** Exercise **
Please look for the string "GFDDDDRG" below and report every line in which it occurs.

** Records for the exercise **
▬▬▬▬▬▬▬▬▬▬

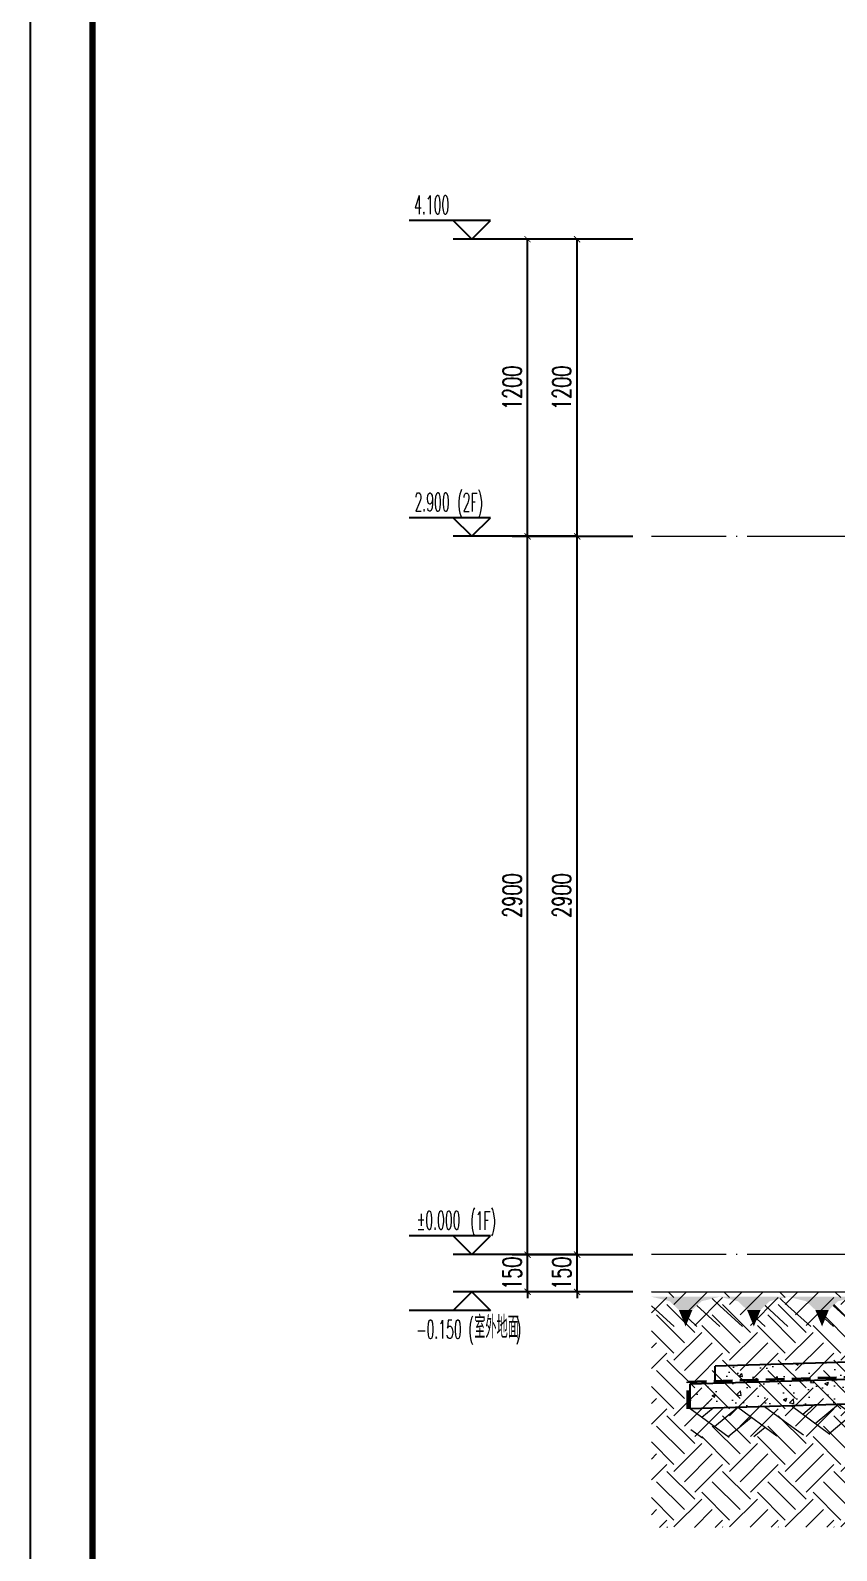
# Model space of a CAD drawing. Extents: x -668857 to 185752, y -270966 to 286822.
# Drawn here: x 149851 to 153104, y 121237 to 127375 of the extents above; entities that cross this region are included whole.
import ezdxf

# ---------------------------------------------------------------- set-up
doc = ezdxf.new("R2010")
doc.units = 0
doc.header["$LTSCALE"] = 1000
doc.linetypes.add('DASH', pattern=[0.35, 0.25, -0.1])
doc.linetypes.add('DOTE', pattern=[2.42, 2, -0.2, 0.02, -0.2])
doc.layers.get('0').update_dxf_attribs({"linetype": 'CONTINUOUS'})
doc.layers.get('DEFPOINTS').update_dxf_attribs({"linetype": 'CONTINUOUS'})
for name, color, linetype in [('COLUMN', 4, 'CONTINUOUS'), ('DIM_ELEV', 3, 'CONTINUOUS'), ('PUB_DIM', 3, 'CONTINUOUS'), ('PUB_TEXT', 2, 'CONTINUOUS')]:
    doc.layers.add(name, color=color, linetype=linetype)
for name, color, linetype, lineweight in [('DOTE', 19, 'DOTE', 9), ('图框', 9, 'CONTINUOUS', 18), ('填充', 251, 'CONTINUOUS', 5), ('立面-中轮廓线', 30, 'CONTINUOUS', 35), ('粉刷', 251, 'CONTINUOUS', 9)]:
    doc.layers.add(name, color=color, linetype=linetype, lineweight=lineweight)
doc.layers.add('yichutu', color=7, linetype='CONTINUOUS', true_color=0xffffff)
doc.styles.add('_TCH_DIM', font='SIMPLEX.shx', dxfattribs={"width": 0.7, "bigfont": 'GBCBIG.shx'})
doc.styles.add('_TCH_DIM_T3', font='SIMPLEX', dxfattribs={"width": 0.705882, "bigfont": 'GBCBIG'})
doc.dimstyles.new('_TCH_ARCH&&25', dxfattribs={"dimtxt": 74.375, "dimasz": 25, "dimexe": 62.5, "dimexo": 75, "dimgap": 25, "dimtad": 1, "dimdec": 0, "dimzin": 0, "dimdsep": 46, "dimtxsty": '_TCH_DIM_T3', "dimblk": 'ARCHTICK', "dimcen": 0.09, "dimclrt": 7, "dimazin": 0, "dimtfac": 1, "dimtdec": 0, "dimtix": 1, "dimtmove": 2, "dimatfit": 3, "dimldrblk": 'ARCHTICK', "dimfxl": 1, "dimtolj": 1, "dimtzin": 0, "dimarcsym": 0})
pattern_1 = [(50, (28072.99, 249033.25), (143.452037, -12.550427), [15, -165]), (355, (28072.99, 249033.25), (-27.750267, 150.438427), [12, -132]), (100.4514, (28084.94, 249032.2), (115.701876, 137.88791), [12.74804, -140.22842]), (46.1842, (28072.99, 249073.25), (213.44821, -33.1038), [22.5, -247.5]), (96.6356, (28090.77, 249070.5), (186.93254, 194.82357), [19.12206, -210.3426]), (351.1842, (28072.99, 249073.25), (186.93239, 194.82372), [18, -198]), (21, (28092.99, 249063.25), (119.38141, -80.52378), [15, -165]), (326, (28092.99, 249063.25), (48.663066, 145.03001), [12, -132]), (71.4514, (28102.93, 249056.54), (168.044526, 64.5061), [12.74804, -140.22842]), (37.5, (28072.986, 249033.25), (2.431971, 66.578771), [0, -130.4, 0, -134, 0, -132.5]), (7.5, (28072.986, 249033.25), (52.613907, 78.882342), [0, -76.4, 0, -127.4, 0, -50.5]), (327.5, (28028.386, 249033.25), (106.764487, -4.510974), [0, -50, 0, -156, 0, -207]), (317.5, (28008.39, 249033.25), (116.637234, 20.020996), [0, -65, 0, -103.6, 0, -147])]

# ---------------------------------------------------------------- blocks, each defined once
blk = doc.blocks.new('GFDDDDRG')
at = {"layer": '图框'}
blk.add_lwpolyline([(923310, -107437), (923310, -159999), (893610, -159999), (893610, -107437)], close=True, dxfattribs=at)
blk.add_lwpolyline([(923310, -107437), (923310, -159999), (893610, -159999), (893610, -107437)], close=True, dxfattribs=at)
at = {"layer": '图框', "const_width": 50}
blk.add_lwpolyline([(894110, -159499), (922810, -159499), (922810, -108687), (894110, -108687)], close=True, dxfattribs=at)
blk = doc.blocks.new('yct-1051-594-26275-14850-25-1002.0')
at = {"layer": 'yichutu', "color": 7, "true_color": 0xffffff}
blk.add_lwpolyline([(0, 0), (0, 14850), (26275, 14850), (26275, 0)], close=True, dxfattribs=at)
blk = doc.blocks.new('$LINEPAT$素土夯实')
at = {"color": 0}
for p, q in [((0, -210), (210, 0)), ((120, -300), (420, 0)), ((420, 0), (608, -188)), ((495, -300), (795, 0)), ((615, 0), (705, -90)), ((315, -105), (502, -293)), ((210, -210), (300, -300)), ((705, -300), (795, -210))]:
    blk.add_line(p, q, dxfattribs=at)
blk = doc.blocks.new('$LinePat$自然土壤')
at = {"color": 0}
for p, q in [((0, -90), (71, -19)), ((0, -300), (211, -89)), ((420, -300), (630, -90)), ((210, -300), (286, -224))]:
    blk.add_line(p, q, dxfattribs=at)
for points in [[(0, 0), (630, 0), (168, -45), (462, -45)], [(168, -45), (462, -45), (252, -132), (378, -132)], [(252, -132), (378, -132), (315, -300)]]:
    blk.add_solid(points, dxfattribs=at)
blk = doc.blocks.new('sanshui')
at = {"layer": '粉刷'}
h = blk.add_hatch(dxfattribs=at)
h.set_pattern_fill('混凝土', color=256, scale=20)
h.set_pattern_definition(pattern_1)
edge = h.paths.add_edge_path()
edge.add_line((346317.8, 427329.6), (346257.8, 427329.6))
edge.add_line((346257.8, 427329.6), (346257.8, 427160.3))
edge.add_arc((346157.8, 427160.3), 100, 271.71836, 360, ccw=False)
edge.add_line((346160.8, 427060.3), (345137.8, 427029.6))
edge.add_line((345137.8, 427029.6), (345137.8, 426969.6))
edge.add_line((345137.8, 426969.6), (346317.8, 427005))
edge.add_line((346317.8, 427005), (346317.8, 427329.6))
h = blk.add_hatch(dxfattribs=at)
h.set_pattern_fill('混凝土', color=256, scale=20)
h.set_pattern_definition(pattern_1)
h.paths.add_polyline_path([(346337.8, 426895.6), (346337.8, 426995.6), (345037.8, 426956.6), (345037.8, 426856.6)])
at = {"layer": 'COLUMN'}
for p, q in [((346257.8, 427329.6), (346317.8, 427329.6)), ((346257.8, 427160.3), (346257.8, 427329.6)), ((346317.8, 426995), (346317.8, 427329.6)), ((346160.8, 427060.3), (345137.8, 427029.6)), ((345137.8, 426959.6), (345137.8, 427029.6)), ((346338.1, 426995.6), (345037.8, 426956.6)), ((345037.8, 426856.6), (345037.8, 426956.6)), ((346338.1, 426895.6), (345037.8, 426856.6))]:
    blk.add_line(p, q, dxfattribs=at)
blk.add_arc((346157.8, 427160.3), 100, 271.71836, 0, dxfattribs=at)
at = {"layer": '立面-中轮廓线', "linetype": 'DASH', "ltscale": 0.3}
blk.add_lwpolyline([(345027.8, 426856.6), (345027.8, 426966.3), (346317.8, 427005)], dxfattribs=at)
at = {"layer": '粉刷'}
blk.add_line((344881.5, 427329.6), (346257.8, 427329.6), dxfattribs=at)
at = {"layer": '粉刷', "yscale": 0.4, "zscale": 0.4}
for name, p, xscale, rotation in [('$LinePat$自然土壤', (345156.8, 427309.6), -0.4369306507241237, 359.9999999999903), ('$LinePat$自然土壤', (345432, 427309.6), -0.4369306507241237, 359.9999999999903), ('$LinePat$自然土壤', (345707.3, 427309.6), -0.4369306507241237, 359.9999999999903), ('$LinePat$自然土壤', (345982.6, 427309.6), -0.4369306507241237, 359.9999999999903), ('$LinePat$自然土壤', (346257.8, 427309.6), -0.4369306507241237, 359.9999999999903), ('$LINEPAT$素土夯实', (345444.5, 426868.8), -0.5117605352322558, 1.718358001643932), ('$LINEPAT$素土夯实', (345851.2, 426881), -0.5117605352322558, 1.718358001643932), ('$LINEPAT$素土夯实', (346257.8, 426893.2), -0.5117605352322558, 1.718358001643932)]:
    blk.add_blockref(name, p, dxfattribs=dict(at, xscale=xscale, rotation=rotation))
blk = doc.blocks.new('_ArchTick')
at = {"color": 0, "linetype": 'ByBlock', "const_width": 0.15}
blk.add_lwpolyline([(-0.5, -0.5), (0.5, 0.5)], dxfattribs=at)
blk = doc.blocks.new('*D2217')
at = {"layer": 'DEFPOINTS', "color": 0, "transparency": 16777216}
for p in [(152057.1, 122431.5), (152357.1, 122431.5), (152357.1, 122281.5)]:
    blk.add_point(p, dxfattribs=at)
at = {"layer": 'PUB_DIM', "color": 0, "lineweight": -2, "transparency": 16777216}
for p, q in [((152057.1, 122431.5), (152057.1, 122456.5)), ((152282.1, 122431.5), (151994.6, 122431.5)), ((152057.1, 122281.5), (152057.1, 122431.5)), ((152282.1, 122281.5), (151994.6, 122281.5)), ((152057.1, 122281.5), (152057.1, 122256.5))]:
    blk.add_line(p, q, dxfattribs=at)
at = {"layer": 'PUB_DIM', "color": 0, "lineweight": -2, "transparency": 16777216, "xscale": 25, "yscale": 25, "zscale": 25}
for p, rotation in [((152057.1, 122431.5), 270), ((152057.1, 122281.5), 90)]:
    blk.add_blockref('_ArchTick', p, dxfattribs=dict(at, rotation=rotation))
at = {"layer": 'PUB_DIM', "color": 7, "transparency": 16777216, "insert": (151994.9, 122356.5), "char_height": 74.38, "attachment_point": 5, "rotation": 90, "style": '_TCH_DIM_T3'}
blk.add_mtext('\\A1;150', dxfattribs=at)
blk = doc.blocks.new('*D2218')
at = {"layer": 'DEFPOINTS', "color": 0, "transparency": 16777216}
for p in [(152057.1, 125331.5), (152357.1, 125331.5), (152357.1, 122431.5)]:
    blk.add_point(p, dxfattribs=at)
at = {"layer": 'PUB_DIM', "color": 0, "lineweight": -2, "transparency": 16777216}
for p, q in [((152282.1, 125331.5), (151994.6, 125331.5)), ((152057.1, 122431.5), (152057.1, 125331.5)), ((152282.1, 122431.5), (151994.6, 122431.5))]:
    blk.add_line(p, q, dxfattribs=at)
at = {"layer": 'PUB_DIM', "color": 0, "lineweight": -2, "transparency": 16777216, "xscale": 25, "yscale": 25, "zscale": 25}
for p, rotation in [((152057.1, 125331.5), 90), ((152057.1, 122431.5), 270)]:
    blk.add_blockref('_ArchTick', p, dxfattribs=dict(at, rotation=rotation))
at = {"layer": 'PUB_DIM', "color": 7, "transparency": 16777216, "insert": (151994.9, 123881.5), "char_height": 74.38, "attachment_point": 5, "rotation": 90, "style": '_TCH_DIM_T3'}
blk.add_mtext('\\A1;2900', dxfattribs=at)
blk = doc.blocks.new('*D2219')
at = {"layer": 'DEFPOINTS', "color": 0, "transparency": 16777216}
for p in [(152057.1, 126531.6), (152357.1, 126531.6), (152357.1, 125331.5)]:
    blk.add_point(p, dxfattribs=at)
at = {"layer": 'PUB_DIM', "color": 0, "lineweight": -2, "transparency": 16777216}
for p, q in [((152282.1, 126531.6), (151994.6, 126531.6)), ((152057.1, 125331.5), (152057.1, 126531.6)), ((152282.1, 125331.5), (151994.6, 125331.5))]:
    blk.add_line(p, q, dxfattribs=at)
at = {"layer": 'PUB_DIM', "color": 0, "lineweight": -2, "transparency": 16777216, "xscale": 25, "yscale": 25, "zscale": 25}
for p, rotation in [((152057.1, 126531.6), 90), ((152057.1, 125331.5), 270)]:
    blk.add_blockref('_ArchTick', p, dxfattribs=dict(at, rotation=rotation))
at = {"layer": 'PUB_DIM', "color": 7, "transparency": 16777216, "insert": (151994.9, 125931.6), "char_height": 74.38, "attachment_point": 5, "rotation": 90, "style": '_TCH_DIM_T3'}
blk.add_mtext('\\A1;1200', dxfattribs=at)
blk = doc.blocks.new('*D2220')
at = {"layer": 'DEFPOINTS', "color": 0, "transparency": 16777216}
for p in [(151857.1, 122431.5), (152357.1, 122431.5), (152357.1, 122281.5)]:
    blk.add_point(p, dxfattribs=at)
at = {"layer": 'PUB_DIM', "color": 0, "lineweight": -2, "transparency": 16777216}
for p, q in [((151857.1, 122431.5), (151857.1, 122456.5)), ((152282.1, 122431.5), (151794.6, 122431.5)), ((151857.1, 122281.5), (151857.1, 122431.5)), ((152282.1, 122281.5), (151794.6, 122281.5)), ((151857.1, 122281.5), (151857.1, 122256.5))]:
    blk.add_line(p, q, dxfattribs=at)
at = {"layer": 'PUB_DIM', "color": 0, "lineweight": -2, "transparency": 16777216, "xscale": 25, "yscale": 25, "zscale": 25}
for p, rotation in [((151857.1, 122431.5), 270), ((151857.1, 122281.5), 90)]:
    blk.add_blockref('_ArchTick', p, dxfattribs=dict(at, rotation=rotation))
at = {"layer": 'PUB_DIM', "color": 7, "transparency": 16777216, "insert": (151794.9, 122356.5), "char_height": 74.38, "attachment_point": 5, "rotation": 90, "style": '_TCH_DIM_T3'}
blk.add_mtext('\\A1;150', dxfattribs=at)
blk = doc.blocks.new('*D2221')
at = {"layer": 'DEFPOINTS', "color": 0, "transparency": 16777216}
for p in [(151857.1, 125331.5), (152357.1, 125331.5), (152357.1, 122431.5)]:
    blk.add_point(p, dxfattribs=at)
at = {"layer": 'PUB_DIM', "color": 0, "lineweight": -2, "transparency": 16777216}
for p, q in [((152282.1, 125331.5), (151794.6, 125331.5)), ((151857.1, 122431.5), (151857.1, 125331.5)), ((152282.1, 122431.5), (151794.6, 122431.5))]:
    blk.add_line(p, q, dxfattribs=at)
at = {"layer": 'PUB_DIM', "color": 0, "lineweight": -2, "transparency": 16777216, "xscale": 25, "yscale": 25, "zscale": 25}
for p, rotation in [((151857.1, 125331.5), 90), ((151857.1, 122431.5), 270)]:
    blk.add_blockref('_ArchTick', p, dxfattribs=dict(at, rotation=rotation))
at = {"layer": 'PUB_DIM', "color": 7, "transparency": 16777216, "insert": (151794.9, 123881.5), "char_height": 74.38, "attachment_point": 5, "rotation": 90, "style": '_TCH_DIM_T3'}
blk.add_mtext('\\A1;2900', dxfattribs=at)
blk = doc.blocks.new('*D2222')
at = {"layer": 'DEFPOINTS', "color": 0, "transparency": 16777216}
for p in [(151857.1, 126531.6), (152357.1, 126531.6), (152357.1, 125331.5)]:
    blk.add_point(p, dxfattribs=at)
at = {"layer": 'PUB_DIM', "color": 0, "lineweight": -2, "transparency": 16777216}
for p, q in [((152282.1, 126531.6), (151794.6, 126531.6)), ((151857.1, 125331.5), (151857.1, 126531.6)), ((152282.1, 125331.5), (151794.6, 125331.5))]:
    blk.add_line(p, q, dxfattribs=at)
at = {"layer": 'PUB_DIM', "color": 0, "lineweight": -2, "transparency": 16777216, "xscale": 25, "yscale": 25, "zscale": 25}
for p, rotation in [((151857.1, 126531.6), 90), ((151857.1, 125331.5), 270)]:
    blk.add_blockref('_ArchTick', p, dxfattribs=dict(at, rotation=rotation))
at = {"layer": 'PUB_DIM', "color": 7, "transparency": 16777216, "insert": (151794.9, 125931.6), "char_height": 74.38, "attachment_point": 5, "rotation": 90, "style": '_TCH_DIM_T3'}
blk.add_mtext('\\A1;1200', dxfattribs=at)

msp = doc.modelspace()

# ---------------------------------------------------------------- hatches: boundary and pattern name
at = {"layer": '填充'}
h = msp.add_hatch(dxfattribs=at)
h.set_pattern_fill('EARTH', color=250, scale=50, angle=45, style=0)
h.set_pattern_definition([(45, (-317360.25, 158740.33), (0, 224.506403), [158.75, -158.75]), (45, (-317402.35, 158782.43), (0, 224.506403), [158.75, -158.75]), (45, (-317444.44, 158824.52), (0, 224.506403), [158.75, -158.75]), (135, (-317444.44, 158852.59), (-224.506403, 0), [158.75, -158.75]), (135, (-317402.35, 158894.68), (-224.506403, 0), [158.75, -158.75]), (135, (-317360.25, 158936.78), (-224.506403, 0), [158.75, -158.75])])
edge = h.paths.add_edge_path()
edge.add_line((152357.48, 122281.53), (152356.71, 121330.29))
edge.add_line((152357.09, 121330.29), (154594.62, 121332.79))
edge.add_line((154594.62, 121332.79), (154594.62, 122279.24))
edge.add_line((154594.62, 122279.24), (152357.09, 122281.53))

# ---------------------------------------------------------------- linework, layer by layer
at = {"layer": 'DIM_ELEV'}
for p, q in [((151707.06, 126607.04), (151379.06, 126607.04)), ((151632.06, 126532.04), (151557.06, 126607.04)), ((151632.06, 126532.04), (151707.06, 126607.04)), ((152057.06, 126532.04), (151557.06, 126532.04)), ((151707.06, 125407.01), (151379.06, 125407.01)), ((151632.06, 125332.01), (151557.06, 125407.01)), ((151632.06, 125332.01), (151707.06, 125407.01)), ((152057.06, 125332.01), (151557.06, 125332.01)), ((151707.06, 122507.01), (151379.06, 122507.01)), ((151632.06, 122432.01), (151557.06, 122507.01)), ((151632.06, 122432.01), (151707.06, 122507.01)), ((152057.06, 122432.01), (151557.06, 122432.01)), ((151632.06, 122281.54), (151557.06, 122206.54)), ((152057.06, 122281.54), (151557.06, 122281.54)), ((151632.06, 122281.54), (151707.06, 122206.54)), ((151707.06, 122206.54), (151379.06, 122206.54))]:
    msp.add_line(p, q, dxfattribs=at)
at = {"layer": 'DOTE', "color": 1, "linetype": 'DOTE', "ltscale": 0.2}
for p, q in [((154594.62, 125331.54), (152357.06, 125331.54)), ((154594.62, 122431.54), (152357.06, 122431.54))]:
    msp.add_line(p, q, dxfattribs=at)

# ---------------------------------------------------------------- block references
at = {"xscale": 0.5, "yscale": 0.5, "zscale": 0.5}
msp.add_blockref('GFDDDDRG', (-296953.44, 198011.07), dxfattribs=at)
msp.add_blockref('sanshui', (-192524.43, -305048.05))
at = {"layer": 'yichutu', "rotation": 270}
msp.add_blockref('yct-1051-594-26275-14850-25-1002.0', (149851.45, 144292.59), dxfattribs=at)

# ---------------------------------------------------------------- texts
at = {"layer": 'PUB_TEXT', "style": '_TCH_DIM'}
for s, height, width, p in [('4.100', 74.375, 0.494118, (151399.56, 126633.29)), ('2.900', 74.375, 0.494118, (151400.96, 125433.26)), ('(2F)', 74.375, 0.494118, (151573.11, 125432.04)), ('%%P0.000', 74.375, 0.494118, (151410.06, 122533.26)), ('(1F)', 74.375, 0.494118, (151625.44, 122532.04)), ('-0.150', 74.375, 0.494118, (151408.66, 122092.79)), ('(', 74.38, 0.494118, (151617.39, 122094.02)), ('室外地面', 89.362, 0.7, (151641.89, 122094.02)), (')', 74.38, 0.494118, (151808.7, 122094.02))]:
    msp.add_text(s, height=height, dxfattribs=dict(at, width=width)).set_placement(p)

# ---------------------------------------------------------------- dimensions: what is measured, and where the dimension line sits
at = {"layer": 'PUB_DIM'}
for p1, p2, distance, picture, middle in [((152357.06, 125331.54), (152357.06, 126531.57), 500, '*D2222', (151794.87, 125931.56)), ((152357.06, 125331.54), (152357.06, 126531.57), 300, '*D2219', (151994.87, 125931.56)), ((152357.06, 122431.54), (152357.06, 125331.54), 500, '*D2221', (151794.87, 123881.54)), ((152357.06, 122431.54), (152357.06, 125331.54), 300, '*D2218', (151994.87, 123881.54)), ((152357.06, 122281.54), (152357.06, 122431.54), 500, '*D2220', (151794.87, 122356.54)), ((152357.06, 122281.54), (152357.06, 122431.54), 300, '*D2217', (151994.87, 122356.54))]:
    dim = msp.add_aligned_dim(p1=p1, p2=p2, distance=distance, dimstyle='_TCH_ARCH&&25', dxfattribs=at)
    dim.commit()
    dim.dimension.update_dxf_attribs({"geometry": picture, "text_midpoint": middle})

doc.saveas('drawing.dxf')

▬▬▬▬▬▬▬▬▬▬

** Task answer **
blk = doc.blocks.new('GFDDDDRG')
msp.add_blockref('GFDDDDRG', (-296953.44, 198011.07), dxfattribs=at)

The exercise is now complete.